Tampoco las infraestructuras acompañan al relato. España cuenta con una de las redes de recarga más limitadas de Europa, especialmente fuera de las grandes ciudades. Para la mayoría de los españoles, residentes en bloques de pisos sin plaza de aparcamiento propia, instalar un cargador doméstico es imposible o carísimo. A esto se suma la lentitud de muchos puntos públicos y la falta de mantenimiento. La recarga rápida sigue siendo anecdótica. Y cuando existe, suele estar asociada a precios elevados, aplicaciones específicas, fallos técnicos y esperas prolongadas. Así, hacer un viaje largo en coche eléctrico continúa siendo una odisea.
Ganan el Estado y la industria a costa del consumidor
El cacareado Plan Moves, principal instrumento estatal de promoción del vehículo eléctrico, es además lento y requiere un tedioso proceso burocrático. Aunque ofrece hasta 7.000 euros de subvención, muchas solicitudes tardan meses en resolverse y otras se quedan en el limbo administrativo. Asumir el coste inicial sin saber cuándo llegará la ayuda es inviable para la mayoría. Existe también una deducción del 15 % en el IRPF por la compra de eléctricos e instalación de cargadores, pero su aplicación es desigual y mal difundida. Son argumentos más beneficioso para el vendedor y el recaudador que para el comprador.
El discurso oficial insiste en presentar el coche eléctrico como la única vía para reducir emisiones, sin cuestionar su impacto ambiental real ni su viabilidad. Se ocultan, por ejemplo, el coste y el riesgo ecológico de producir baterías de litio, el consumo eléctrico de una red saturada o la generación de residuos altamente tóxicos. El mantra de la movilidad sostenible, tan globalista, es repetido en España igual que en cualquier parte, ignorando el contexto social, geográfico y económico.

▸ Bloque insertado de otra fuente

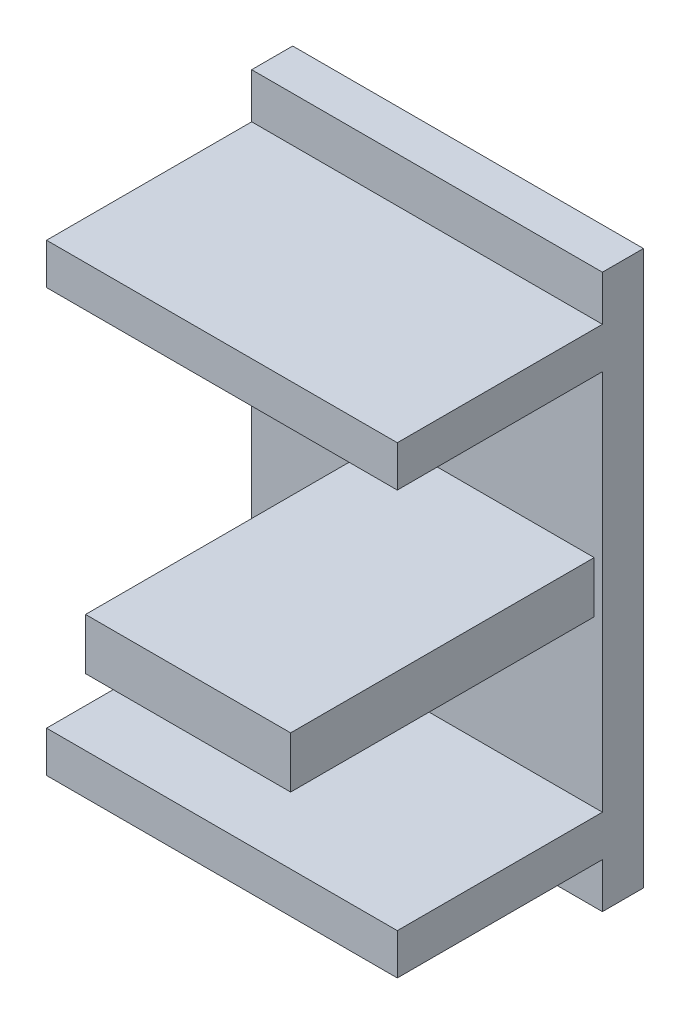
ISO-10303-21;
HEADER;
FILE_DESCRIPTION(('STEP AP214'),'2;1');
FILE_NAME('part.step','',(''),(''),'','','');
FILE_SCHEMA(('AUTOMOTIVE_DESIGN { 1 0 10303 214 1 1 1 1 }'));
ENDSEC;
DATA;
#1=APPLICATION_CONTEXT('core data for automotive mechanical design processes');
#2=APPLICATION_PROTOCOL_DEFINITION('international standard','automotive_design',2000,#1);
#3=PRODUCT_CONTEXT('',#1,'mechanical');
#4=PRODUCT('Part','Part','',(#3));
#5=PRODUCT_RELATED_PRODUCT_CATEGORY('part','',(#4));
#6=PRODUCT_DEFINITION_FORMATION('','',#4);
#7=PRODUCT_DEFINITION_CONTEXT('part definition',#1,'design');
#8=PRODUCT_DEFINITION('design','',#6,#7);
#9=PRODUCT_DEFINITION_SHAPE('','',#8);
#10=(LENGTH_UNIT() NAMED_UNIT(*) SI_UNIT(.MILLI.,.METRE.));
#11=(NAMED_UNIT(*) PLANE_ANGLE_UNIT() SI_UNIT($,.RADIAN.));
#12=(NAMED_UNIT(*) SI_UNIT($,.STERADIAN.) SOLID_ANGLE_UNIT());
#13=UNCERTAINTY_MEASURE_WITH_UNIT(LENGTH_MEASURE(1.E-05),#10,'distance_accuracy_value','');
#14=(GEOMETRIC_REPRESENTATION_CONTEXT(3) GLOBAL_UNCERTAINTY_ASSIGNED_CONTEXT((#13)) GLOBAL_UNIT_ASSIGNED_CONTEXT((#10,
#11,#12)) REPRESENTATION_CONTEXT('',''));
#15=CARTESIAN_POINT('',(0.,0.,0.));
#16=DIRECTION('',(0.,0.,1.));
#17=DIRECTION('',(1.,0.,0.));
#18=AXIS2_PLACEMENT_3D('',#15,#16,#17);
#19=CARTESIAN_POINT('',(0.,0.,5.08));
#20=DIRECTION('',(0.,0.,-1.));
#21=DIRECTION('',(-1.,0.,0.));
#22=AXIS2_PLACEMENT_3D('',#19,#20,#21);
#23=PLANE('',#22);
#24=DIRECTION('',(-1.,0.,0.));
#25=VECTOR('',#24,1.);
#26=CARTESIAN_POINT('',(-43.434,10.668,5.08));
#27=LINE('',#26,#25);
#28=CARTESIAN_POINT('',(0.,10.668,5.08));
#29=VERTEX_POINT('',#28);
#30=CARTESIAN_POINT('',(-43.434,10.668,5.08));
#31=VERTEX_POINT('',#30);
#32=EDGE_CURVE('E199',#29,#31,#27,.T.);
#33=ORIENTED_EDGE('',*,*,#32,.F.);
#34=DIRECTION('',(0.,1.,0.));
#35=VECTOR('',#34,1.);
#36=CARTESIAN_POINT('',(0.,0.,5.08));
#37=LINE('',#36,#35);
#38=CARTESIAN_POINT('',(0.,57.912,5.08));
#39=VERTEX_POINT('',#38);
#40=EDGE_CURVE('E274',#29,#39,#37,.T.);
#41=ORIENTED_EDGE('',*,*,#40,.T.);
#42=DIRECTION('',(1.,0.,0.));
#43=VECTOR('',#42,1.);
#44=CARTESIAN_POINT('',(-43.434,57.912,5.08));
#45=LINE('',#44,#43);
#46=CARTESIAN_POINT('',(-43.434,57.912,5.08));
#47=VERTEX_POINT('',#46);
#48=EDGE_CURVE('E213',#47,#39,#45,.T.);
#49=ORIENTED_EDGE('',*,*,#48,.F.);
#50=DIRECTION('',(0.,-1.,0.));
#51=VECTOR('',#50,1.);
#52=CARTESIAN_POINT('',(-43.434,0.,5.08));
#53=LINE('',#52,#51);
#54=EDGE_CURVE('E282',#47,#31,#53,.T.);
#55=ORIENTED_EDGE('',*,*,#54,.T.);
#56=EDGE_LOOP('',(#33,#41,#49,#55));
#57=FACE_BOUND('',#56,.T.);
#58=DIRECTION('',(0.,-1.,0.));
#59=VECTOR('',#58,1.);
#60=CARTESIAN_POINT('',(-26.416,31.115,5.08));
#61=LINE('',#60,#59);
#62=CARTESIAN_POINT('',(-26.416,37.465,5.08));
#63=VERTEX_POINT('',#62);
#64=CARTESIAN_POINT('',(-26.416,31.115,5.08));
#65=VERTEX_POINT('',#64);
#66=EDGE_CURVE('E181',#63,#65,#61,.T.);
#67=ORIENTED_EDGE('',*,*,#66,.F.);
#68=DIRECTION('',(-1.,0.,0.));
#69=VECTOR('',#68,1.);
#70=CARTESIAN_POINT('',(-26.416,37.465,5.08));
#71=LINE('',#70,#69);
#72=CARTESIAN_POINT('',(-1.01600000000001,37.465,5.08));
#73=VERTEX_POINT('',#72);
#74=EDGE_CURVE('E178',#73,#63,#71,.T.);
#75=ORIENTED_EDGE('',*,*,#74,.F.);
#76=DIRECTION('',(0.,1.,0.));
#77=VECTOR('',#76,1.);
#78=CARTESIAN_POINT('',(-1.01600000000001,31.115,5.08));
#79=LINE('',#78,#77);
#80=CARTESIAN_POINT('',(-1.01600000000001,31.115,5.08));
#81=VERTEX_POINT('',#80);
#82=EDGE_CURVE('E66',#81,#73,#79,.T.);
#83=ORIENTED_EDGE('',*,*,#82,.F.);
#84=DIRECTION('',(1.,0.,0.));
#85=VECTOR('',#84,1.);
#86=CARTESIAN_POINT('',(-26.416,31.115,5.08));
#87=LINE('',#86,#85);
#88=EDGE_CURVE('E61',#65,#81,#87,.T.);
#89=ORIENTED_EDGE('',*,*,#88,.F.);
#90=EDGE_LOOP('',(#67,#75,#83,#89));
#91=FACE_BOUND('',#90,.T.);
#92=ADVANCED_FACE('F45',(#57,#91),#23,.F.);
#93=DIRECTION('',(1.,0.,0.));
#94=VECTOR('',#93,1.);
#95=CARTESIAN_POINT('',(-43.434,5.588,5.08));
#96=LINE('',#95,#94);
#97=CARTESIAN_POINT('',(-43.434,5.588,5.08));
#98=VERTEX_POINT('',#97);
#99=CARTESIAN_POINT('',(0.,5.588,5.08));
#100=VERTEX_POINT('',#99);
#101=EDGE_CURVE('E209',#98,#100,#96,.T.);
#102=ORIENTED_EDGE('',*,*,#101,.F.);
#103=CARTESIAN_POINT('',(-43.434,0.,5.08));
#104=VERTEX_POINT('',#103);
#105=EDGE_CURVE('E277',#98,#104,#53,.T.);
#106=ORIENTED_EDGE('',*,*,#105,.T.);
#107=DIRECTION('',(1.,0.,0.));
#108=VECTOR('',#107,1.);
#109=CARTESIAN_POINT('',(0.,0.,5.08));
#110=LINE('',#109,#108);
#111=CARTESIAN_POINT('',(0.,0.,5.08));
#112=VERTEX_POINT('',#111);
#113=EDGE_CURVE('E264',#104,#112,#110,.T.);
#114=ORIENTED_EDGE('',*,*,#113,.T.);
#115=EDGE_CURVE('E270',#112,#100,#37,.T.);
#116=ORIENTED_EDGE('',*,*,#115,.T.);
#117=EDGE_LOOP('',(#102,#106,#114,#116));
#118=FACE_BOUND('',#117,.T.);
#119=ADVANCED_FACE('F323',(#118),#23,.F.);
#120=DIRECTION('',(-1.,0.,0.));
#121=VECTOR('',#120,1.);
#122=CARTESIAN_POINT('',(-43.434,62.992,5.08));
#123=LINE('',#122,#121);
#124=CARTESIAN_POINT('',(0.,62.992,5.08));
#125=VERTEX_POINT('',#124);
#126=CARTESIAN_POINT('',(-43.434,62.992,5.08));
#127=VERTEX_POINT('',#126);
#128=EDGE_CURVE('E245',#125,#127,#123,.T.);
#129=ORIENTED_EDGE('',*,*,#128,.F.);
#130=CARTESIAN_POINT('',(0.,68.58,5.08));
#131=VERTEX_POINT('',#130);
#132=EDGE_CURVE('E268',#125,#131,#37,.T.);
#133=ORIENTED_EDGE('',*,*,#132,.T.);
#134=DIRECTION('',(-1.,0.,0.));
#135=VECTOR('',#134,1.);
#136=CARTESIAN_POINT('',(0.,68.58,5.08));
#137=LINE('',#136,#135);
#138=CARTESIAN_POINT('',(-43.434,68.58,5.08));
#139=VERTEX_POINT('',#138);
#140=EDGE_CURVE('E273',#131,#139,#137,.T.);
#141=ORIENTED_EDGE('',*,*,#140,.T.);
#142=EDGE_CURVE('E278',#139,#127,#53,.T.);
#143=ORIENTED_EDGE('',*,*,#142,.T.);
#144=EDGE_LOOP('',(#129,#133,#141,#143));
#145=FACE_BOUND('',#144,.T.);
#146=ADVANCED_FACE('F347',(#145),#23,.F.);
#147=CARTESIAN_POINT('',(0.,0.,5.08));
#148=DIRECTION('',(0.,1.,0.));
#149=DIRECTION('',(0.,0.,1.));
#150=AXIS2_PLACEMENT_3D('',#147,#148,#149);
#151=PLANE('',#150);
#152=DIRECTION('',(1.,0.,0.));
#153=VECTOR('',#152,1.);
#154=CARTESIAN_POINT('',(0.,0.,0.));
#155=LINE('',#154,#153);
#156=CARTESIAN_POINT('',(-43.434,0.,0.));
#157=VERTEX_POINT('',#156);
#158=CARTESIAN_POINT('',(0.,0.,0.));
#159=VERTEX_POINT('',#158);
#160=EDGE_CURVE('E231',#157,#159,#155,.T.);
#161=ORIENTED_EDGE('',*,*,#160,.T.);
#162=DIRECTION('',(0.,0.,-1.));
#163=VECTOR('',#162,1.);
#164=CARTESIAN_POINT('',(0.,0.,5.08));
#165=LINE('',#164,#163);
#166=EDGE_CURVE('E11',#112,#159,#165,.T.);
#167=ORIENTED_EDGE('',*,*,#166,.F.);
#168=ORIENTED_EDGE('',*,*,#113,.F.);
#169=DIRECTION('',(0.,0.,-1.));
#170=VECTOR('',#169,1.);
#171=CARTESIAN_POINT('',(-43.434,0.,5.08));
#172=LINE('',#171,#170);
#173=EDGE_CURVE('E281',#104,#157,#172,.T.);
#174=ORIENTED_EDGE('',*,*,#173,.T.);
#175=EDGE_LOOP('',(#161,#167,#168,#174));
#176=FACE_BOUND('',#175,.T.);
#177=ADVANCED_FACE('F47',(#176),#151,.F.);
#178=CARTESIAN_POINT('',(0.,0.,5.08));
#179=DIRECTION('',(-1.,0.,0.));
#180=DIRECTION('',(0.,0.,1.));
#181=AXIS2_PLACEMENT_3D('',#178,#179,#180);
#182=PLANE('',#181);
#183=DIRECTION('',(0.,1.,0.));
#184=VECTOR('',#183,1.);
#185=CARTESIAN_POINT('',(0.,0.,0.));
#186=LINE('',#185,#184);
#187=CARTESIAN_POINT('',(0.,68.58,0.));
#188=VERTEX_POINT('',#187);
#189=EDGE_CURVE('E286',#159,#188,#186,.T.);
#190=ORIENTED_EDGE('',*,*,#189,.T.);
#191=DIRECTION('',(0.,0.,-1.));
#192=VECTOR('',#191,1.);
#193=CARTESIAN_POINT('',(0.,68.58,5.08));
#194=LINE('',#193,#192);
#195=EDGE_CURVE('E54',#131,#188,#194,.T.);
#196=ORIENTED_EDGE('',*,*,#195,.F.);
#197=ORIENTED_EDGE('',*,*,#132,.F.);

El coche eléctrico en España, como en todas partes, un producto dirigido a compradores de alto poder adquisitivo, usuarios esporádicos, con garaje propio y dispuestos a adentrarse en una selva en busca de ayudas fiscales. Lejos de «democratizar la movilidad sostenible», su imposición provoca una brecha social buscada. Mientras una casta verde se beneficia de ventajas fiscales y carriles reservados, del aparcamiento de casa al de la oficina y vuelta, la mayoría de los autónomos afectados se ven forzados a hacerse con un vehículo eléctrico si quieren trabajar, por ejemplo, dentro de Madrid 360.